I had planned to take a guided tour today at 11am. I’m pretty sure I was in the right place at the right time but no one was there. Argh. I stood there hemming and hawing completely indecisive. Do I skip it or do I go solo? I don’t like to hike alone anymore. I don’t trust myself to not get lost and my fearful body can get my mind to run amuck. And, today especially, I really didn’t need more time with my thoughts. I wanted a guided hike, not a solo hike. Do I skip it or do I go? Fear and frustration can be common companions that get me stuck.
My thought – “I’ll just go down the path a little bit to see if they’re already further ahead.” And before long, I had decided to just keep walking and see what happens. Feel the fear and do it anyway. Or my spin on that “acknowledge the fear, thank it for the warning and move along.”

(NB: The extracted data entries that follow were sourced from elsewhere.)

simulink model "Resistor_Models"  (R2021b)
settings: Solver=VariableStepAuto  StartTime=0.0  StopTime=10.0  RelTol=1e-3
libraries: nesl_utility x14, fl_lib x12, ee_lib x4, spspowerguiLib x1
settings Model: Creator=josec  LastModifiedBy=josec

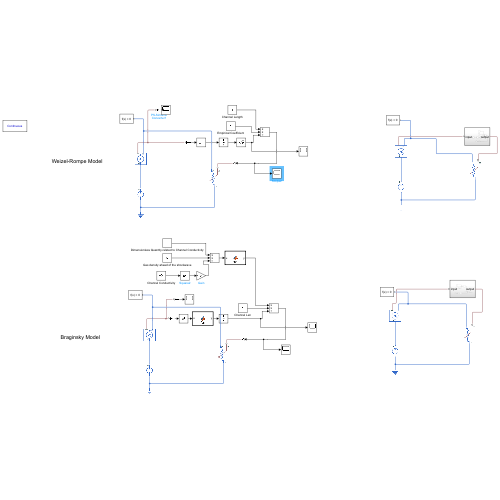
[thumbnail: Simulink's stored preview of the top-level diagram]
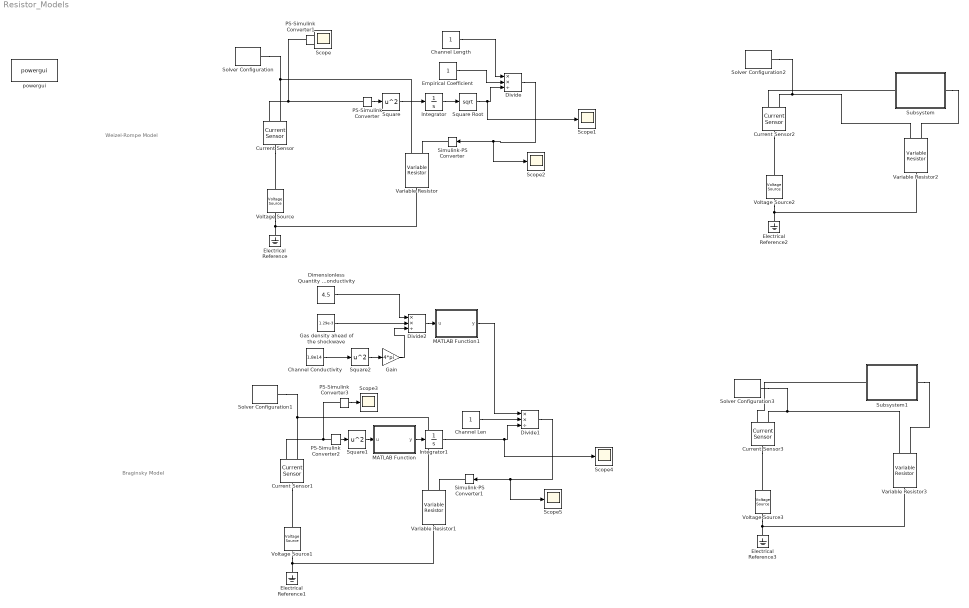
== system Resistor_Models ==
  note: Weizel-Rompe Model
  note: Braginsky Model
  Channel Conductivity : Constant  Value=1.8e14
  Channel Len : Constant
  Channel Length : Constant
  Current Sensor{,1..3} (4 alike) : fl_lib/Electrical/Electrical Sensors/Current Sensor
  Dimensionless Quantity related to Channel Conductivity : Constant  Value=4.5
  Divide : Product  Inputs=**/
  Divide1 : Product  Inputs=**/
  Divide2 : Product  Inputs=**/
  Electrical Reference{,1..3} (4 alike) : fl_lib/Electrical/Electrical Elements/Electrical Reference
  Empirical Coefficient : Constant
  Gain : Gain  Gain=4*pi
  Gas density ahead of the shockwave : Constant  Value=1.29e-3
  Integrator : Integrator  InitialCondition=1e-36
  Integrator1 : Integrator  InitialCondition=1e-36
  MATLAB Function : MATLAB Function  TreatAsAtomicUnit=on
  MATLAB Function1 : MATLAB Function  TreatAsAtomicUnit=on
  PS-Simulink Converter{,1..3} (4 alike) : nesl_utility/PS-Simulink Converter  PhysicalDomain=network_engine_domain  SubClassName=ps_output  LeftPortType=input  RightPortType=output  PseudoPeriodic=off  Frequencies=[]  Unit=inherit  AffineConversion=off
      settings: SourceProductBaseCode=PW,SS
  Scope{,1..5} (6 alike) : Scope
  Simulink-PS Converter : nesl_utility/Simulink-PS Converter  PhysicalDomain=network_engine_domain  SubClassName=ps_input  LeftPortType=input  RightPortType=output  PseudoPeriodic=off  Frequencies=[]  NoiseDistribution=none  NoiseParameters=[]  Unit=1  AffineConversion=off  FilteringAndDerivatives=provide  SimscapeFilterOrder=1  InputFilterTimeConstant=0.001  UdotUserProvided=0
      settings: SourceProductBaseCode=PW,SS
  Simulink-PS Converter1 : nesl_utility/Simulink-PS Converter  PhysicalDomain=network_engine_domain  SubClassName=ps_input  LeftPortType=input  RightPortType=output  PseudoPeriodic=off  Frequencies=[]  NoiseDistribution=none  NoiseParameters=[]  Unit=1  AffineConversion=off  FilteringAndDerivatives=provide  SimscapeFilterOrder=1  InputFilterTimeConstant=0.001  UdotUserProvided=0
      settings: SourceProductBaseCode=PW,SS
  Solver Configuration{,1..3} (4 alike) : nesl_utility/Solver Configuration  PhysicalDomain=network_engine_domain  SubClassName=solver  LeftPortType=input  RightPortType=generic  Tones=[]  Harmonics=[]  SimulateNoise=off  Profile=off  UseLocalSampling=off  EnableSwitchedLinearOptims=on  FrequencyDomain=off  UseCCode=off  RelTol=0.001  AbsTol=1e-06  MinStep=1e-09  ToWorkspace=off  RevertToSquareIcSolve=off  NumHomotopyIterations=100  PhasorMode=off  PhasorModeNumHarmonics=1  DoDC=off  ResidualTolerance=1e-09  UseLocalSolver=off  LocalSolverChoice=NE_BACKWARD_EULER_ADVANCER  LocalSolverSampleTime=0.001  DoFixedCost=off  MaxNonlinIter=3  MaxModeIter=2  ComputeImpulses=off  ImpulseIterations=2  LinearAlgebra=auto  EquationFormulation=NE_TIME_EF  DelaysMemoryBudget=1024  AutomaticFiltering=on  FilteringTimeConstant=0.001  PartitionStorageMethod=AS_NEEDED  PartitionMemoryBudget=1024  PartitionMethod=ROBUST
      settings: SourceProductBaseCode=PW,SS
  Square : Math  Operator=square  SaturateOnIntegerOverflow=on
  Square Root : Sqrt  SaturateOnIntegerOverflow=on
  Square1 : Math  Operator=square  SaturateOnIntegerOverflow=on
  Square2 : Math  Operator=square  SaturateOnIntegerOverflow=on
  Subsystem : Subsystem
  Subsystem1 : Subsystem
  Variable Resistor{,1..3} (4 alike) : fl_lib/Electrical/Electrical Elements/Variable Resistor  Rmin=1 Ohm  i_specify=off  i_priority=None  i=0 A  i_nominal_specify=off  i_nominal_unit=A  i_nominal_value=1  v_specify=off  v_priority=None  v=0 V  v_nominal_specify=off  v_nominal_unit=V  v_nominal_value=1
  Voltage Source : ee_lib/Sources/Voltage Source  dc_voltage=20 V  ac_voltage=0 V  ac_shift=0 rad  ac_frequency=0 Hz  noise_mode=0  PSD=0 V^2/Hz  repeatability=1  auto_seed=1884392676  user_seed=0  sample_time=1e-3 s  i_specify=off  i_priority=None  i=0 A  i_nominal_specify=off  i_nominal_unit=A  i_nominal_value=1  v_specify=off  v_priority=None  v=0 V  v_nominal_specify=off  v_nominal_unit=V  v_nominal_value=1
  Voltage Source1 : ee_lib/Sources/Voltage Source  dc_voltage=20 V  ac_voltage=0 V  ac_shift=0 rad  ac_frequency=0 Hz  noise_mode=0  PSD=0 V^2/Hz  repeatability=1  auto_seed=1315760964  user_seed=0  sample_time=1e-3 s  i_specify=off  i_priority=None  i=0 A  i_nominal_specify=off  i_nominal_unit=A  i_nominal_value=1  v_specify=off  v_priority=None  v=0 V  v_nominal_specify=off  v_nominal_unit=V  v_nominal_value=1
  Voltage Source2 : ee_lib/Sources/Voltage Source  dc_voltage=20 V  ac_voltage=0 V  ac_shift=0 rad  ac_frequency=0 Hz  noise_mode=0  PSD=0 V^2/Hz  repeatability=1  auto_seed=3626278652  user_seed=0  sample_time=1e-3 s  i_specify=off  i_priority=None  i=0 A  i_nominal_specify=off  i_nominal_unit=A  i_nominal_value=1  v_specify=off  v_priority=None  v=0 V  v_nominal_specify=off  v_nominal_unit=V  v_nominal_value=1
  Voltage Source3 : ee_lib/Sources/Voltage Source  dc_voltage=20 V  ac_voltage=0 V  ac_shift=0 rad  ac_frequency=0 Hz  noise_mode=0  PSD=0 V^2/Hz  repeatability=1  auto_seed=836506254  user_seed=0  sample_time=1e-3 s  i_specify=off  i_priority=None  i=0 A  i_nominal_specify=off  i_nominal_unit=A  i_nominal_value=1  v_specify=off  v_priority=None  v=0 V  v_nominal_specify=off  v_nominal_unit=V  v_nominal_value=1
  powergui : spspowerguiLib/powergui  Priority=1  SimulationMode=Continuous  SampleTime=50e-6  frequency=60  Iterations=50  frequencyindice=60  Pbase=100e6  ErrMax=1e-4  UnitsV=kV  UnitsW=MW  buscounter=0  FunctionMessages=off  echomessages=off  EnableUseOfTLC=off  CurrentSourceSwitches=off  DisableSnubberDevices=off  DisableRonSwitches=off  DisableVfSwitches=off  DisplayEquations=off  AutomaticDiscreteSolvers=off  SolverType=Tustin/Backward Euler (TBE)  Interpol=off  ExternalGateDelay=off  methode=off  Ts=100  x0status=blocks  SPID=on  SwTol=0  HookPort=off  NonlinearTolerance=1e-4  nMaxIteration=100  ContinueOnMaxIteration=off  RestoreLinks=warning  ResistiveCurrentMeasurement=off  Frange=[0:2:500]  Ylog=off  Xlog=on  ShowGrid=off  save=off  variable=ZData  structure=0  ZoomFFT=off  StartTime=0.0  cycles=1  DisplayStyle=1  fundamental=60  FreqAxis=off  MaxFrequency=1000  frequencyindicesteady=1  RmsSteady=1  display=off
  wires:
  Square/1 -> Integrator/1
  PS-Simulink Converter/1 -> Square/1
  Integrator/1 -> Square Root/1
  Empirical Coefficient/1 -> Divide/2
  Channel Length/1 -> Divide/1
  PS-Simulink Converter1/1 -> Scope/1
  Square Root/1 -> Scope1/1, Divide/3
  Divide/1 -> Scope2/1, Simulink-PS Converter/1
  Square1/1 -> MATLAB Function/1(u)
  Divide1/1 -> Scope5/1, Simulink-PS Converter1/1
  PS-Simulink Converter3/1 -> Scope3/1
  Channel Len/1 -> Divide1/2
  PS-Simulink Converter2/1 -> Square1/1
  Integrator1/1 -> Scope4/1, Divide1/3
  MATLAB Function1/1(y) -> Divide1/1
  MATLAB Function/1(y) -> Integrator1/1
  Divide2/1 -> MATLAB Function1/1(u)
  Dimensionless Quantity related to Channel Conductivity/1 -> Divide2/1
  Gas density ahead of the shockwave/1 -> Divide2/2
  Channel Conductivity/1 -> Square2/1
  Square2/1 -> Gain/1
  Gain/1 -> Divide2/3
  connections:
  Current Sensor/LConn1 -- Voltage Source/LConn1
  PS-Simulink Converter/LConn1 -- PS-Simulink Converter1/LConn1 -- Current Sensor/RConn1
  Variable Resistor/LConn1 -- Simulink-PS Converter/RConn1
  Variable Resistor/LConn2 -- Current Sensor/RConn2 -- Solver Configuration/RConn1
  Voltage Source/RConn1 -- Electrical Reference/LConn1 -- Variable Resistor/RConn1
  Variable Resistor1/RConn1 -- Voltage Source1/RConn1 -- Electrical Reference1/LConn1
  PS-Simulink Converter2/LConn1 -- PS-Simulink Converter3/LConn1 -- Current Sensor1/RConn1
  Variable Resistor1/LConn2 -- Current Sensor1/RConn2 -- Solver Configuration1/RConn1
  Current Sensor1/LConn1 -- Voltage Source1/LConn1
  Variable Resistor1/LConn1 -- Simulink-PS Converter1/RConn1
  Variable Resistor2/RConn1 -- Voltage Source2/RConn1 -- Electrical Reference2/LConn1
  Current Sensor2/LConn1 -- Voltage Source2/LConn1
  Current Sensor2/RConn2 -- Solver Configuration2/RConn1 -- Variable Resistor2/LConn2
  Subsystem/LConn1 -- Current Sensor2/RConn1
  Subsystem/RConn1 -- Variable Resistor2/LConn1
  Variable Resistor3/RConn1 -- Voltage Source3/RConn1 -- Electrical Reference3/LConn1
  Current Sensor3/LConn1 -- Voltage Source3/LConn1
  Current Sensor3/RConn2 -- Solver Configuration3/RConn1 -- Variable Resistor3/LConn2
  Current Sensor3/RConn1 -- Subsystem1/LConn1
  Subsystem1/RConn1 -- Variable Resistor3/LConn1

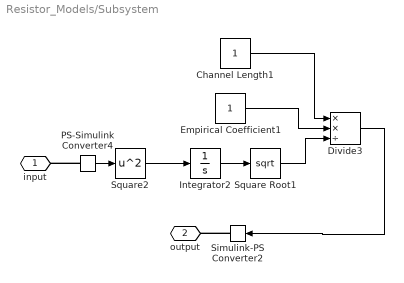
== system Resistor_Models/Subsystem ==
  Channel Length1 : Constant
  Divide3 : Product  Inputs=**/
  Empirical Coefficient1 : Constant
  Integrator2 : Integrator  InitialCondition=1e-36
  PS-Simulink Converter4 : nesl_utility/PS-Simulink Converter  PhysicalDomain=network_engine_domain  SubClassName=ps_output  LeftPortType=input  RightPortType=output  PseudoPeriodic=off  Frequencies=[]  Unit=inherit  AffineConversion=off
      settings: SourceProductBaseCode=PW,SS
  Simulink-PS Converter2 : nesl_utility/Simulink-PS Converter  PhysicalDomain=network_engine_domain  SubClassName=ps_input  LeftPortType=input  RightPortType=output  PseudoPeriodic=off  Frequencies=[]  NoiseDistribution=none  NoiseParameters=[]  Unit=1  AffineConversion=off  FilteringAndDerivatives=provide  SimscapeFilterOrder=1  InputFilterTimeConstant=0.001  UdotUserProvided=0
      settings: SourceProductBaseCode=PW,SS
  Square Root1 : Sqrt  SaturateOnIntegerOverflow=on
  Square2 : Math  Operator=square  SaturateOnIntegerOverflow=on
  input : PMIOPort  Side=Left
  output : PMIOPort  Port=2  Side=Right
  wires:
  Square Root1/1 -> Divide3/3
  Integrator2/1 -> Square Root1/1
  Empirical Coefficient1/1 -> Divide3/2
  PS-Simulink Converter4/1 -> Square2/1
  Channel Length1/1 -> Divide3/1
  Divide3/1 -> Simulink-PS Converter2/1
  Square2/1 -> Integrator2/1
  connections:
  Simulink-PS Converter2/RConn1 -- output/RConn1
  PS-Simulink Converter4/LConn1 -- input/RConn1

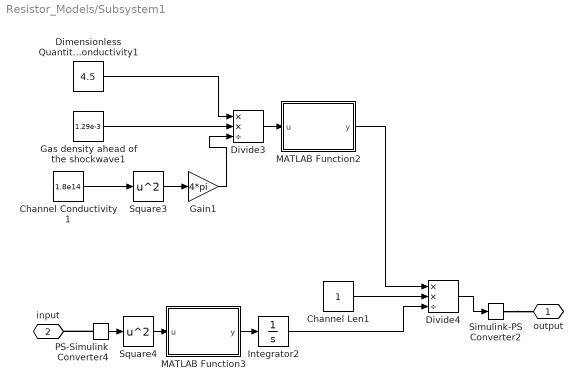
== system Resistor_Models/Subsystem1 ==
  Channel Conductivity1 : Constant  Value=1.8e14
  Channel Len1 : Constant
  Dimensionless Quantity related to Channel Conductivity1 : Constant  Value=4.5
  Divide3 : Product  Inputs=**/
  Divide4 : Product  Inputs=**/
  Gain1 : Gain  Gain=4*pi
  Gas density ahead of the shockwave1 : Constant  Value=1.29e-3
  Integrator2 : Integrator  InitialCondition=1e-36
  MATLAB Function2 : MATLAB Function  TreatAsAtomicUnit=on
  MATLAB Function3 : MATLAB Function  TreatAsAtomicUnit=on
  PS-Simulink Converter4 : nesl_utility/PS-Simulink Converter  PhysicalDomain=network_engine_domain  SubClassName=ps_output  LeftPortType=input  RightPortType=output  PseudoPeriodic=off  Frequencies=[]  Unit=inherit  AffineConversion=off
      settings: SourceProductBaseCode=PW,SS
  Simulink-PS Converter2 : nesl_utility/Simulink-PS Converter  PhysicalDomain=network_engine_domain  SubClassName=ps_input  LeftPortType=input  RightPortType=output  PseudoPeriodic=off  Frequencies=[]  NoiseDistribution=none  NoiseParameters=[]  Unit=1  AffineConversion=off  FilteringAndDerivatives=provide  SimscapeFilterOrder=1  InputFilterTimeConstant=0.001  UdotUserProvided=0
      settings: SourceProductBaseCode=PW,SS
  Square3 : Math  Operator=square  SaturateOnIntegerOverflow=on
  Square4 : Math  Operator=square  SaturateOnIntegerOverflow=on
  output : PMIOPort  Side=Right
  input : PMIOPort  Port=2  Side=Left
  wires:
  PS-Simulink Converter4/1 -> Square4/1
  Dimensionless Quantity related to Channel Conductivity1/1 -> Divide3/1
  MATLAB Function2/1(y) -> Divide4/1
  Channel Len1/1 -> Divide4/2
  Divide3/1 -> MATLAB Function2/1(u)
  Gain1/1 -> Divide3/3
  Gas density ahead of the shockwave1/1 -> Divide3/2
  Square3/1 -> Gain1/1
  Channel Conductivity1/1 -> Square3/1
  Integrator2/1 -> Divide4/3
  Square4/1 -> MATLAB Function3/1(u)
  MATLAB Function3/1(y) -> Integrator2/1
  Divide4/1 -> Simulink-PS Converter2/1
  connections:
  PS-Simulink Converter4/LConn1 -- input/RConn1
  Simulink-PS Converter2/RConn1 -- output/RConn1

== matlab function Resistor_Models/MATLAB Function ==
  data: u input; y output
function y = fcn(u)

y = u^(1/3);

== matlab function Resistor_Models/Subsystem1/MATLAB Function2 ==
  data: u input; y output
function y = fcn(u)

y = u^(1/3);

== matlab function Resistor_Models/Subsystem1/MATLAB Function3 ==
  data: u input; y output
function y = fcn(u)

y = u^(1/3);

== matlab function Resistor_Models/MATLAB Function1 ==
  data: u input; y output
function y = fcn(u)

y = u^(1/3);

It was a good hike through more rain forest with chirping birds. There were views of the crater puffing out steam. I even came across a dancing figure in a tree root. I enjoyed the various accents of travelers along the trail. I know my limits and respected them and did my best to get out my head. I followed the clearly marked signs with options for further treks. Then I came upon a route called “Devastation Trail” to the left and on my right was a daunting warning sign saying “hazardous area/ CLOSED.” Both sounded a little intimidating so I turned around 😉
Side-note: I noticed something a few days ago on a nature walk given by a local. I no longer need to look down to watch every step my foot is making! It’s taken years of practice but I can finally look at the scenery while walking… unless I’m going down stairs or downhill or the road is at all uneven… but this is a huge improvement!